On how prepared the country is in case of any outbreak, he said “Nigeria is much safer and prepared than it has ever been,” said Ihekweazu.
The epidemiologist told The Guardian: “Events in the Democratic Republic of Congo (DRC) have caught the attention of the global health community once again. The DRC government confirmed an outbreak of EVD on May 8, 2018. This outbreak has come with real and perceived threats to local, national and global health security, with countries placed on different levels of alert by the WHO.
“In Nigeria, the risk of spread has been classified as moderate by WHO, similar to all countries in Africa. The key question that has been asked by many Nigerians is ‘how prepared are we for another outbreak of Ebola?’ This can be attributed to the country’s experience in 2014 when an imported case of Ebola from Liberia led to the death of eight people including four health care workers. The dramatic events that followed this outbreak have led to an increased awareness and risk perception by the population, about the dangers of the disease.”
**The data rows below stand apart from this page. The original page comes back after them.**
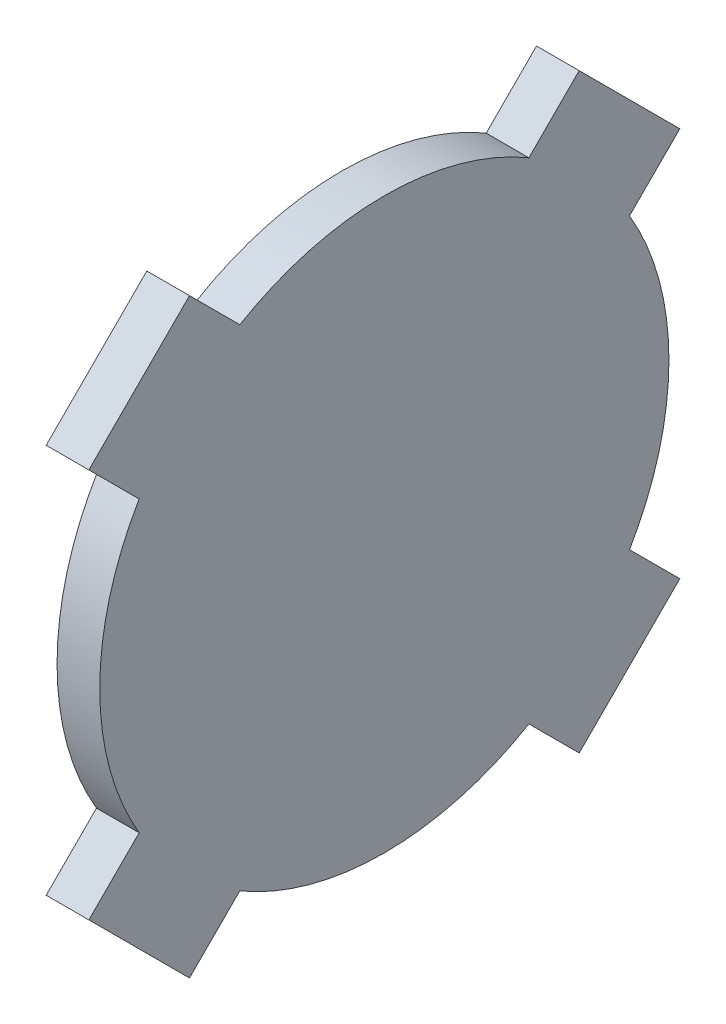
from build123d import *

# Parameters (mm, degrees)
BOSS_EXTRUDE1_DEPTH = 3


with BuildPart() as part:
    # Sketch1 → Boss-Extrude1 (new body)
    with BuildSketch(Plane(origin=(0, 0, 0), x_dir=(0, 0, -1), z_dir=(1, 0, 0))):
        with BuildLine():
            Line((71.952462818, -30.537269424), (64.881395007, -37.608337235))
            Line((64.881395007, -37.608337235), (61.345861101, -34.07280333))
            ThreePointArc((61.345861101, -34.07280333), (51.188331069, -36.844205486), (41.030801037, -34.07280333))
            Line((41.030801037, -34.07280333), (37.495267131, -37.608337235))
            Line((37.495267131, -37.608337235), (30.424199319, -30.537269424))
            Line((30.424199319, -30.537269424), (33.959733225, -27.001735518))
            ThreePointArc((33.959733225, -27.001735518), (31.188331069, -16.844205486), (33.959733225, -6.686675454))
            Line((33.959733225, -6.686675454), (30.424199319, -3.151141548))
            Line((30.424199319, -3.151141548), (37.495267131, 3.919926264))
            Line((37.495267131, 3.919926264), (41.030801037, 0.384392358))
            ThreePointArc((41.030801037, 0.384392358), (51.188331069, 3.155794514), (61.345861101, 0.384392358))
            Line((61.345861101, 0.384392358), (64.881395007, 3.919926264))
            Line((64.881395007, 3.919926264), (71.952462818, -3.151141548))
            Line((71.952462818, -3.151141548), (68.416928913, -6.686675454))
            ThreePointArc((68.416928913, -6.686675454), (71.188331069, -16.844205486), (68.416928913, -27.001735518))
            Line((68.416928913, -27.001735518), (71.952462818, -30.537269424))
        make_face()
    extrude(amount=BOSS_EXTRUDE1_DEPTH)


solid = part.part

He said about four years after Nigeria’s experience in responding to this outbreak, there have been several subsequent outbreaks in the country including Lassa fever, Monkeypox, yellow fever and cholera. It is imperative therefore to review the level of preparedness and reassure Nigerians.
Ihekweazu added that after the 2014 Ebola outbreak in West Africa, a key lesson was that the preparedness and response capacity of countries requires significant investments to strengthen their health systems. In light of this, he said, many countries have begun to set up national public health institutes (NPHIs) that will focus on building the technical expertise to lead on prevention and preparedness as well as response capabilities.
The epidemiologist said: “The NCDC was established in 2011 prior to the Ebola outbreak. However, the outbreak in 2014 was the young agency’s first experience in leading the response to a major outbreak. At the time, an ad-hoc Emergency Operations Centre had to be established and only became fully functional days into the outbreak. The Lagos University Teaching Hospital was the only laboratory in the country with the capacity to confirm cases. A Rapid Response Team had to be hastily assembled, temporary isolation centres had to be erected in strategic places and other similar ‘ad-hoc operations’. The EVD outbreak left us with a lot of lessons- the most important being the benefit of preparedness.
“Four years after, we have learnt that indeed national public health institutes have to be the focus of disease preparedness and response activities. They can and should provide leadership in disease surveillance and outbreak investigations, reference laboratory services, including specialist diagnostic services for rare organisms, and advise their governments on development and evaluation of public health interventions. This is the role NCDC now plays, creating a better health security infrastructure for Nigeria than what we had in 2014. With this, Nigeria is much safer and prepared than it has ever been.”
The epidemiologist said in 2017, in line with the Global Health Security Agenda, the NCDC opened up its infrastructure and domestic resources for a Joint External Evaluation (JEE) led by the WHO and experts from other public health institutes supported this across the world. “This peer review process highlighted several gaps and provided key recommendations towards strengthening our health system to effectively prevent, detect and respond to outbreaks and threats of public health importance. Close to a year after this process, several gaps have been closed; a stronger political commitment and a multi-sectorial workforce established, and we are in a better position than ever before to respond to outbreaks,” he said.